Count of Württemberg
- Reign: 15 March 1392 – 16 May 1417
- Predecessor: Eberhard II
- Successor: Eberhard IV
- Born: c. 1364
- Died: 16 May 1417 (aged 52–53) Göppingen, Württemberg
- Burial: Stiftskirche, Stuttgart
- Spouse: ; Antonia Visconti ​ ​(m. 1380; died 1405)​ ; Elisabeth of Nuremberg ​ ​(m. 1406)​
- Issue: 4, including Eberhard IV and Elisabeth
- House: Württemberg
- Father: Ulrich of Württemberg [de]
- Mother: Elisabeth of Bavaria [de]

= Eberhard III of Württemberg =

Count of Württemberg from 1392 to 1417

Eberhard III (c. 1364 – 16 May 1417), nicknamed the Mild (der Milde), was Count of Württemberg from 1392 until his death in 1417.

==Life==

Eberhard was born in 1364, probably in Stuttgart, to Ulrich of Württemberg and Elisabeth of Bavaria, daughter of Emperor Louis IV. Ulrich, who was expected to inherit the County from his father, Eberhard II, was killed at the Battle of Döffingen during Württemberg's struggle with the Swabian League of Cities.
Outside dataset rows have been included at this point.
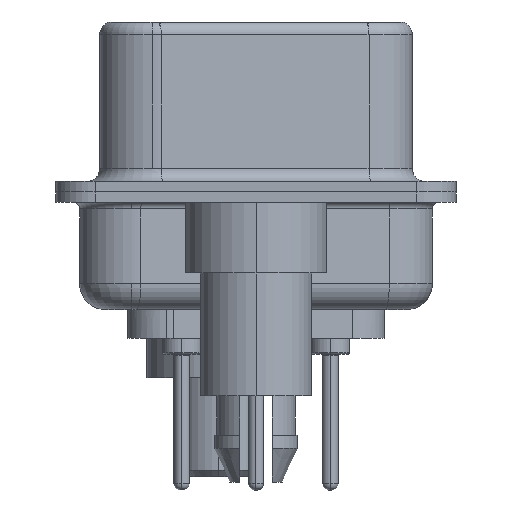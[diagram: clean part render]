
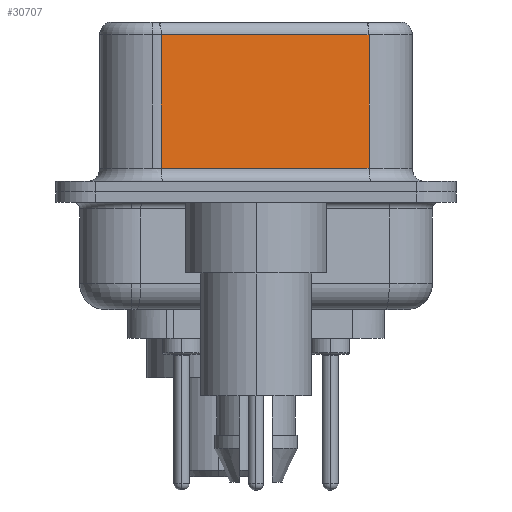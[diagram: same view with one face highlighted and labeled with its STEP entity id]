
A CAD part, left-side view. The second image highlights one B-rep face of the part: STEP entity #30707.
In plain terms, the highlighted planar face has unit normal (-0.985, -0.174, 0).
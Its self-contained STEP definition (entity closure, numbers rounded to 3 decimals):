
#133 = CARTESIAN_POINT ( 'NONE',  ( 5.132, -4.322, 6.02 ) ) ;
#151 = DIRECTION ( 'NONE',  ( -0.174, 0.985, 0. ) ) ;
#2218 = EDGE_CURVE ( 'NONE', #31835, #16542, #28007, .T. ) ;
#2392 = DIRECTION ( 'NONE',  ( 0.985, 0.174, 0. ) ) ;
#4113 = EDGE_LOOP ( 'NONE', ( #17381, #26019, #4310, #32344 ) ) ;
#4310 = ORIENTED_EDGE ( 'NONE', *, *, #2218, .T. ) ;
#4509 = CARTESIAN_POINT ( 'NONE',  ( 5.132, -4.322, 0.9 ) ) ;
#4879 = LINE ( 'NONE', #133, #14817 ) ;
#5475 = VECTOR ( 'NONE', #14777, 1000. ) ;
#5833 = EDGE_CURVE ( 'NONE', #15179, #31835, #4879, .T. ) ;
#7494 = DIRECTION ( 'NONE',  ( 0., 0., -1. ) ) ;
#10040 = CARTESIAN_POINT ( 'NONE',  ( 3.73, 3.628, 6.52 ) ) ;
#10519 = CARTESIAN_POINT ( 'NONE',  ( 5.132, -4.322, 6.52 ) ) ;
#10804 = EDGE_CURVE ( 'NONE', #16542, #30448, #33394, .T. ) ;
#10865 = CARTESIAN_POINT ( 'NONE',  ( 5.132, -4.322, 6.02 ) ) ;
#11235 = AXIS2_PLACEMENT_3D ( 'NONE', #10519, #2392, #151 ) ;
#12784 = CARTESIAN_POINT ( 'NONE',  ( 5.132, -4.322, 6.52 ) ) ;
#13003 = DIRECTION ( 'NONE',  ( 0., 0., -1. ) ) ;
#14757 = CARTESIAN_POINT ( 'NONE',  ( 3.73, 3.628, 0.9 ) ) ;
#14777 = DIRECTION ( 'NONE',  ( 0.174, -0.985, 0. ) ) ;
#14817 = VECTOR ( 'NONE', #29688, 1000. ) ;
#15179 = VERTEX_POINT ( 'NONE', #10865 ) ;
#16542 = VERTEX_POINT ( 'NONE', #14757 ) ;
#17381 = ORIENTED_EDGE ( 'NONE', *, *, #22672, .F. ) ;
#19213 = VECTOR ( 'NONE', #7494, 1000. ) ;
#20213 = CARTESIAN_POINT ( 'NONE',  ( 5.132, -4.322, 0.9 ) ) ;
#21688 = FACE_OUTER_BOUND ( 'NONE', #4113, .T. ) ;
#22672 = EDGE_CURVE ( 'NONE', #15179, #30448, #28908, .T. ) ;
#26019 = ORIENTED_EDGE ( 'NONE', *, *, #5833, .T. ) ;
#26436 = PLANE ( 'NONE',  #11235 ) ;
#28007 = LINE ( 'NONE', #10040, #19213 ) ;
#28471 = VECTOR ( 'NONE', #13003, 1000. ) ;
#28908 = LINE ( 'NONE', #12784, #28471 ) ;
#28942 = CARTESIAN_POINT ( 'NONE',  ( 3.73, 3.628, 6.02 ) ) ;
#29688 = DIRECTION ( 'NONE',  ( -0.174, 0.985, 0. ) ) ;
#30448 = VERTEX_POINT ( 'NONE', #4509 ) ;
#30707 = ADVANCED_FACE ( 'NONE', ( #21688 ), #26436, .F. ) ;
#31835 = VERTEX_POINT ( 'NONE', #28942 ) ;
#32344 = ORIENTED_EDGE ( 'NONE', *, *, #10804, .T. ) ;
#33394 = LINE ( 'NONE', #20213, #5475 ) ;

Consequently, Eberhard succeeded upon his grandfather's death on 15 March 1392.

Eberhard's reign was noted by a peace-preserving policy of alliances with the neighboring principalities and imperial towns. Examples are an alliances with 14 Upper-Swabian towns, concluded 27 August 1395 and the Marbachs alliance in 1405. An important military success was the victory against the Schlegel-Gesellschaft in 1395 near Heimsheim.

Eberhard's most significant and long-lasting territorial acquisition was the County of Montbéliard in present-day Franche-Comté. On 13 November 1397, he concluded a marriage contract for his son Eberhard IV and Henriette, Countess of Montbéliard, granddaughter of Stephen of Montfaucon. Eberhard ruled Montbéliard until 1409, when he delegated authority to his son.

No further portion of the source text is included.